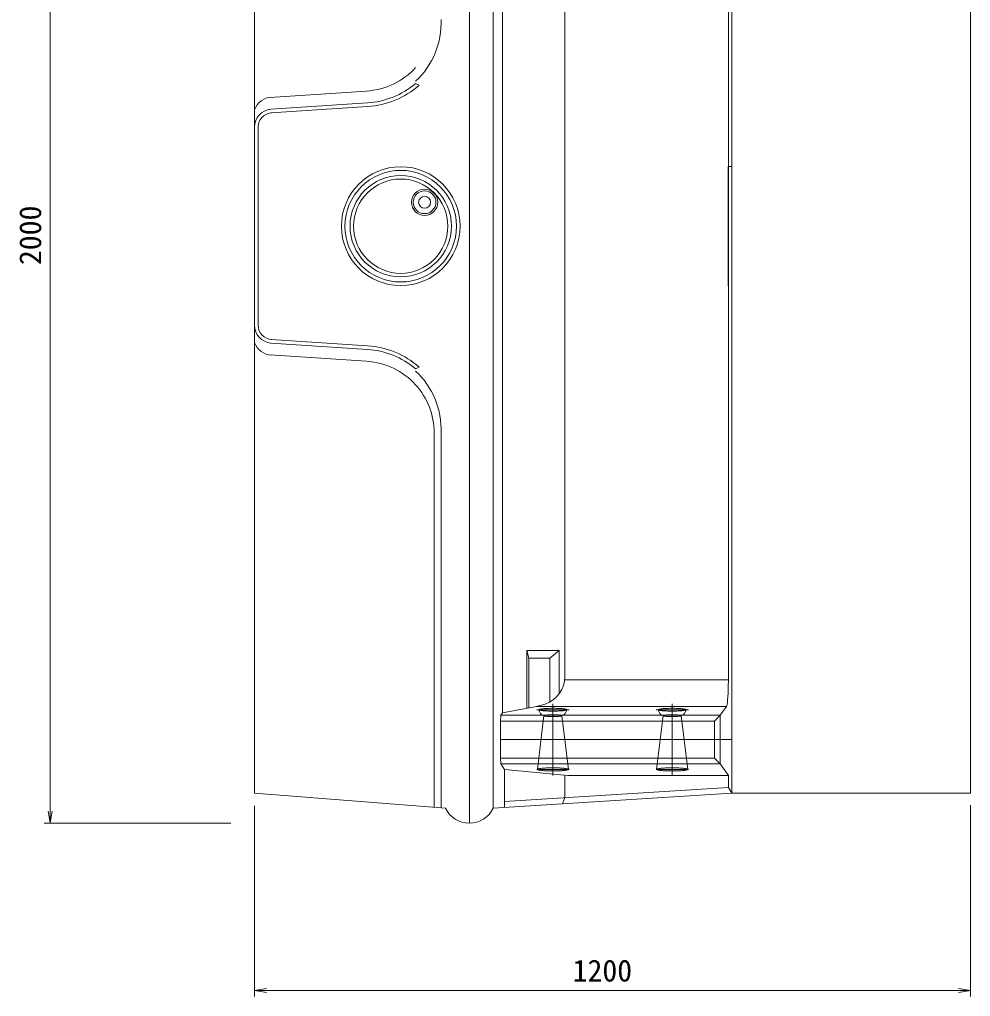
# Model space of a CAD drawing. Units: millimetres on the paper. Extents: x 0 to 841, y 0 to 594.
# Drawn here: x 101 to 180.7, y 248.5 to 330.3 of the extents above; entities that cross this region are included whole.
import ezdxf
from ezdxf.enums import TextEntityAlignment as Align

# ---------------------------------------------------------------- set-up
doc = ezdxf.new("R2010")
doc.units = ezdxf.units.MM
for name, color, linetype, lineweight in [('D-STR-DIM（寸法）', 7, 'Continuous', 18), ('D-STR-STRn（構造物）', 7, 'Continuous', 18), ('D-STR（構造物外形線）', 1, 'Continuous', 18)]:
    doc.layers.add(name, color=color, linetype=linetype, lineweight=lineweight)
doc.styles.add('ＭＳ ゴシック', font='')
doc.styles.get('ＭＳ ゴシック').set_extended_font_data('MS Gothic')

msp = doc.modelspace()

# ---------------------------------------------------------------- linework, layer by layer
at = {"layer": 'D-STR-DIM（寸法）'}
for p, q in [((103.542, 264.021), (103.542, 362.021)), ((120.677, 264.471), (120.677, 248.503)), ((180.677, 264.521), (180.677, 248.503)), ((103.542, 263.021), (103.375, 264.021)), ((103.709, 264.021), (103.542, 263.021)), ((103.542, 263.021), (103.542, 264.021)), ((118.677, 263.021), (103.042, 263.021)), ((120.677, 249.003), (121.677, 249.17)), ((121.677, 248.836), (120.677, 249.003)), ((120.677, 249.003), (121.677, 249.003)), ((179.677, 249.003), (121.677, 249.003)), ((179.677, 249.17), (180.677, 249.003)), ((180.677, 249.003), (179.677, 248.836)), ((180.677, 249.003), (179.677, 249.003))]:
    msp.add_line(p, q, dxfattribs=at)
at = {"layer": 'D-STR-STRn（構造物）'}
for p, q in [((145.677, 273.021), (145.677, 267.021)), ((155.677, 273.021), (155.677, 267.021)), ((141.302, 270.021), (160.677, 270.021))]:
    msp.add_line(p, q, dxfattribs=at)
at = {"layer": 'D-STR（構造物外形線）'}
for p, q in [((138.677, 363.021), (138.677, 263.021)), ((140.677, 361.771), (140.677, 264.271)), ((120.677, 360.521), (120.677, 265.521)), ((160.677, 360.521), (160.677, 265.521)), ((180.677, 360.521), (180.677, 265.521)), ((141.458, 272.271), (141.458, 353.771)), ((146.677, 275.284), (146.677, 351.019)), ((160.391, 350.759), (160.391, 275.284)), ((134.477, 324.829), (134.177, 324.967)), ((121.97, 323.812), (130.068, 324.341)), ((122.035, 322.814), (130.134, 323.343)), ((130.153, 323.044), (122.055, 322.514)), ((120.977, 321.321), (120.977, 304.725)), ((160.377, 318.021), (160.677, 318.021)), ((160.377, 318.021), (160.377, 308.021)), ((122.035, 303.229), (130.134, 302.699)), ((130.153, 302.999), (122.055, 303.528)), ((121.97, 302.231), (130.068, 301.701)), ((134.477, 301.214), (134.177, 301.076)), ((135.727, 264.346), (135.727, 295.714)), ((136.314, 264.299), (136.314, 295.714)), ((143.653, 276.83), (143.492, 277.48)), ((143.492, 277.48), (146.208, 277.48)), ((143.492, 272.646), (143.492, 277.48)), ((146.208, 277.48), (145.427, 276.83)), ((146.208, 273.87), (146.208, 277.48)), ((143.653, 276.83), (145.427, 276.83)), ((143.653, 272.675), (143.653, 276.83)), ((145.427, 273.142), (145.427, 276.83)), ((146.677, 275.284), (146.648, 274.918)), ((146.677, 275.024), (160.391, 275.024)), ((160.391, 275.284), (160.389, 274.918)), ((146.23, 273.897), (146.422, 274.217)), ((146.422, 274.217), (146.563, 274.56)), ((146.563, 274.56), (146.648, 274.918)), ((160.374, 274.216), (160.361, 273.896)), ((160.383, 274.559), (160.374, 274.216)), ((160.389, 274.918), (160.383, 274.559)), ((145.389, 273.142), (145.707, 273.353)), ((145.707, 273.353), (145.99, 273.607)), ((145.99, 273.607), (146.23, 273.897)), ((160.326, 273.353), (160.305, 273.141)), ((160.345, 273.607), (160.326, 273.353)), ((160.361, 273.896), (160.345, 273.607)), ((144.313, 272.797), (141.458, 272.271)), ((144.313, 272.797), (145.04, 272.976)), ((144.313, 272.797), (160.23, 272.797)), ((144.343, 272.521), (147.041, 272.521)), ((144.506, 272.532), (144.502, 272.521)), ((144.502, 272.521), (144.506, 272.511)), ((144.52, 272.542), (144.506, 272.532)), ((144.506, 272.511), (144.52, 272.501)), ((144.542, 272.552), (144.52, 272.542)), ((144.52, 272.501), (144.542, 272.491)), ((144.573, 272.561), (144.542, 272.552)), ((144.542, 272.491), (144.573, 272.481)), ((144.612, 272.571), (144.573, 272.561)), ((144.573, 272.481), (144.612, 272.472)), ((144.659, 272.58), (144.612, 272.571)), ((144.714, 272.588), (144.659, 272.58)), ((144.777, 272.597), (144.714, 272.588)), ((144.846, 272.604), (144.777, 272.597)), ((144.922, 272.611), (144.846, 272.604)), ((145.003, 272.617), (144.922, 272.611)), ((145.089, 272.623), (145.003, 272.617)), ((145.04, 272.976), (145.389, 273.142)), ((145.18, 272.627), (145.089, 272.623)), ((145.275, 272.631), (145.18, 272.627)), ((145.373, 272.634), (145.275, 272.631)), ((145.473, 272.637), (145.373, 272.634)), ((145.574, 272.638), (145.473, 272.637)), ((145.677, 272.638), (145.574, 272.638)), ((145.779, 272.638), (145.677, 272.638)), ((145.881, 272.637), (145.779, 272.638)), ((145.981, 272.634), (145.881, 272.637)), ((146.079, 272.631), (145.981, 272.634)), ((146.173, 272.627), (146.079, 272.631)), ((146.264, 272.623), (146.173, 272.627)), ((146.351, 272.617), (146.264, 272.623)), ((146.432, 272.611), (146.351, 272.617)), ((146.508, 272.604), (146.432, 272.611)), ((146.577, 272.597), (146.508, 272.604)), ((146.639, 272.588), (146.577, 272.597)), ((146.694, 272.58), (146.639, 272.588)), ((146.742, 272.571), (146.694, 272.58)), ((146.781, 272.561), (146.742, 272.571)), ((146.742, 272.472), (146.781, 272.481)), ((146.812, 272.552), (146.781, 272.561)), ((146.781, 272.481), (146.812, 272.491)), ((146.834, 272.542), (146.812, 272.552)), ((146.812, 272.491), (146.834, 272.501)), ((146.847, 272.532), (146.834, 272.542)), ((146.834, 272.501), (146.847, 272.511)), ((146.852, 272.521), (146.847, 272.532)), ((146.847, 272.511), (146.852, 272.521)), ((154.343, 272.521), (157.041, 272.521)), ((154.506, 272.532), (154.502, 272.521)), ((154.502, 272.521), (154.506, 272.511)), ((154.52, 272.542), (154.506, 272.532)), ((154.506, 272.511), (154.52, 272.501)), ((154.542, 272.552), (154.52, 272.542)), ((154.52, 272.501), (154.542, 272.491)), ((154.573, 272.561), (154.542, 272.552)), ((154.542, 272.491), (154.573, 272.481)), ((154.612, 272.571), (154.573, 272.561)), ((154.573, 272.481), (154.612, 272.472)), ((154.659, 272.58), (154.612, 272.571)), ((154.714, 272.588), (154.659, 272.58)), ((154.777, 272.597), (154.714, 272.588)), ((154.846, 272.604), (154.777, 272.597)), ((154.922, 272.611), (154.846, 272.604)), ((155.003, 272.617), (154.922, 272.611)), ((155.089, 272.623), (155.003, 272.617)), ((155.18, 272.627), (155.089, 272.623)), ((155.275, 272.631), (155.18, 272.627)), ((155.373, 272.634), (155.275, 272.631)), ((155.473, 272.637), (155.373, 272.634)), ((155.574, 272.638), (155.473, 272.637)), ((155.677, 272.638), (155.574, 272.638)), ((155.779, 272.638), (155.677, 272.638)), ((155.881, 272.637), (155.779, 272.638)), ((155.981, 272.634), (155.881, 272.637)), ((156.079, 272.631), (155.981, 272.634)), ((156.173, 272.627), (156.079, 272.631)), ((156.264, 272.623), (156.173, 272.627)), ((156.351, 272.617), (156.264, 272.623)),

** WHAT TO DO **
Looking at the entries above, copy out every line in which "ezdxf" occurs.

** COMPLETED EXERCISE **
import ezdxf
from ezdxf.enums import TextEntityAlignment as Align
doc = ezdxf.new("R2010")
doc.units = ezdxf.units.MM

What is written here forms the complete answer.